The on-study association of the rate of atrophy and the number of PBHs suggest axonal loss to be one of the driving mechanisms of brain volume loss in MS patients. Previous studies showed the on-study volume of black holes to be closely related to supratentorial brain volume [18] and the baseline volume of black holes to be significantly correlated with subsequent development of atrophy [10, 19]. In contrast, the present study was not able to show a significant relationship between both Gd enhancement activity and T2 lesion load and changes in brain volume as shown in previous studies [8, 10, 19, 20]. These findings, together with the current results, show that the associations between focal tissue changes and atrophy are moderate at best over a relatively long period of follow-up and weaken within shorter amounts of time, most probably due to the noise introduced by the increased variability in the measurements and that focal tissue changes in MS only partly explain atrophy development. This also emphasizes the added value of cerebral atrophy as a measure of the overall destruction of neuronal tissue, encompassing not only measurable focal destruction but also unaccounted diffuse destruction.

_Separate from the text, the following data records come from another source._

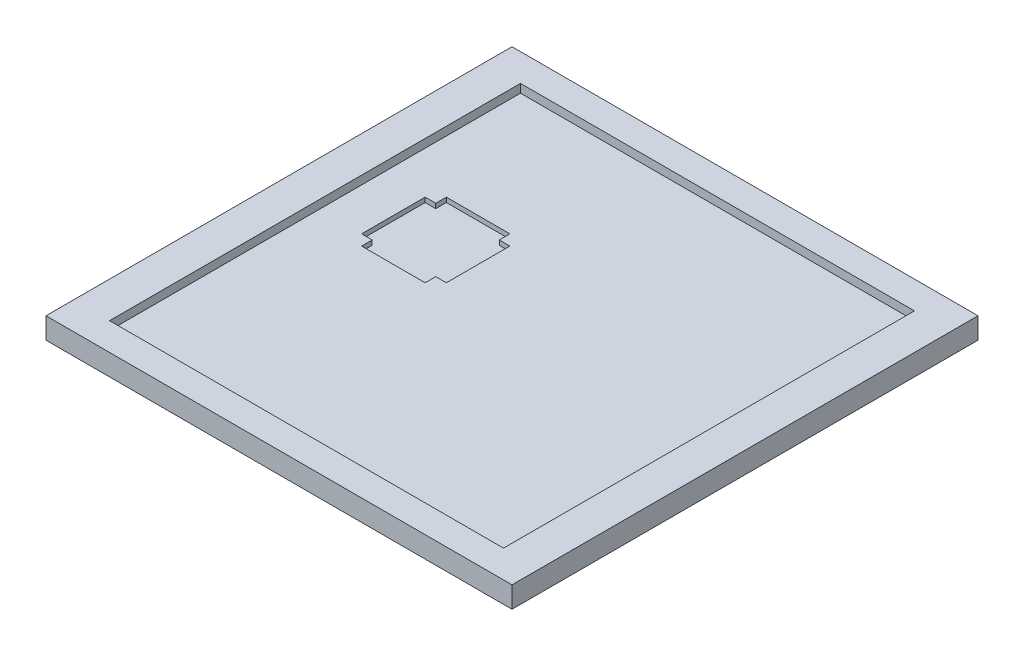
SolidWorks part; units mm, degrees
ref_plane "Front Plane" through (0, 0, 0) normal (0, 0, 1) x (1, 0, 0)
ref_plane "Top Plane" through (0, 0, 0) normal (0, 1, 0) x (1, 0, 0)
ref_plane "Right Plane" through (0, 0, 0) normal (1, 0, 0) x (0, 0, -1)
sketch "Sketch1" plane through (0, 0, 0) normal (0, 1, 0) x (1, 0, 0)
  line L1 (-68.863, 38.3493) -> (41.137, 38.3493)
  line L2 (-68.863, 38.3493) -> (-68.863, -71.6507)
  line L3 (-68.863, -71.6507) -> (41.137, -71.6507)
  line L4 (41.137, 38.3493) -> (41.137, -71.6507)
  dimension "D1" = 110
  dimension "D2" = 110
extrude "Boss-Extrude1" add sketch "Sketch1" along normal blind 5
sketch "Sketch2" plane through (0, 5, 0) normal (0, 1, 0) x (1, 0, 0)
  line L0 (41.137, 38.3493) -> (-68.863, 38.3493) construction
  line L1 (-60.363, 31.8493) -> (32.637, 31.8493)
  line L2 (-60.363, 31.8493) -> (-60.363, -65.1507)
  line L3 (-60.363, -65.1507) -> (32.637, -65.1507)
  line L4 (32.637, 31.8493) -> (32.637, -65.1507)
  line L5 (41.137, -71.6507) -> (41.137, 38.3493) construction
  point P4 (-13.863, 31.8493)
  point P7 (-13.863, 38.3493)
  point P8 (32.637, -16.6507)
  point P11 (41.137, -16.6507)
  dimension "D1" = 97
  dimension "D2" = 93
extrude "Cut-Extrude1" cut sketch "Sketch2" against normal blind 2
sketch "Sketch3" plane through (0, 3, 0) normal (0, 1, 0) x (1, 0, 0)
  line L0 (-40.363, 11.8493) -> (-40.363, -28.1507) construction
  line L1 (-60.363, 31.8493) -> (-60.363, -65.1507) construction
  line L2 (32.637, 31.8493) -> (-60.363, 31.8493) construction
  line L3 (-30.363, -0.6507) -> (-32.863, -0.6507)
  line L4 (-30.363, -0.6507) -> (-30.363, -15.6507)
  line L5 (-30.363, -15.6507) -> (-32.863, -15.6507)
  line L6 (-50.363, -0.6507) -> (-50.363, -15.6507)
  line L7 (-50.363, -0.6507) -> (-30.363, -15.6507) construction
  line L8 (-32.863, 1.8493) -> (-47.863, -18.1507) construction
  line L9 (-47.863, 1.8493) -> (-32.863, 1.8493)
  line L10 (-47.863, 1.8493) -> (-47.863, -0.6507)
  line L11 (-47.863, -18.1507) -> (-32.863, -18.1507)
  line L12 (-32.863, 1.8493) -> (-32.863, -0.6507)
  line L13 (-47.863, -0.6507) -> (-50.363, -0.6507)
  line L14 (-32.863, -15.6507) -> (-32.863, -18.1507)
  line L16 (-47.863, -15.6507) -> (-50.363, -15.6507)
  line L17 (-47.863, -15.6507) -> (-47.863, -18.1507)
  point P10 (-40.363, -8.1507)
  point P11 (-40.363, -8.1507)
  point P16 (-40.363, -8.1507)
  dimension "D1" = 20
  dimension "D2" = 20
  dimension "D3" = 15
  dimension "D4" = 20
  dimension "D5" = 40
  dimension "D6" = 15
  dimension "D7" = 20
extrude "Cut-Extrude2" cut sketch "Sketch3" against normal blind 1.1

The detectability of atrophy on the short term has been attributed to the measure of activity of the patients assessed within a cohort. Hardmeier et al. [8], who found a significant atrophy rate within 3 months, stated that their finding most likely reflected the natural history of a very active group of RRMS patients with well-established disease and could explain the absence of atrophy in comparable short-termed studies [9, 21]. The current study population underwent partly MRI-based selection criteria at baseline and can be regarded as an active cohort of MS patients, shown by the increase in T2 lesion load and Gd-enhancing lesion number and volume over the study period and the high proportion of active patients. The influence of the measure of activity of patients on the rate of atrophy is also reflected when the subgroups based on the applied baseline selection criteria are compared (Table 2). Although a more active cohort might influence the generalizability compared to a more random sampled cohort of patients and selection criteria make it more difficult to recruit subjects, the trade-off is a larger sample size being required when using unselected patients.
In conclusion, our finding suggests that the rate of cerebral atrophy is a detectable outcome measure in short-term clinical trials in RRMS and applicable in terms of study power while a potent drug is applied.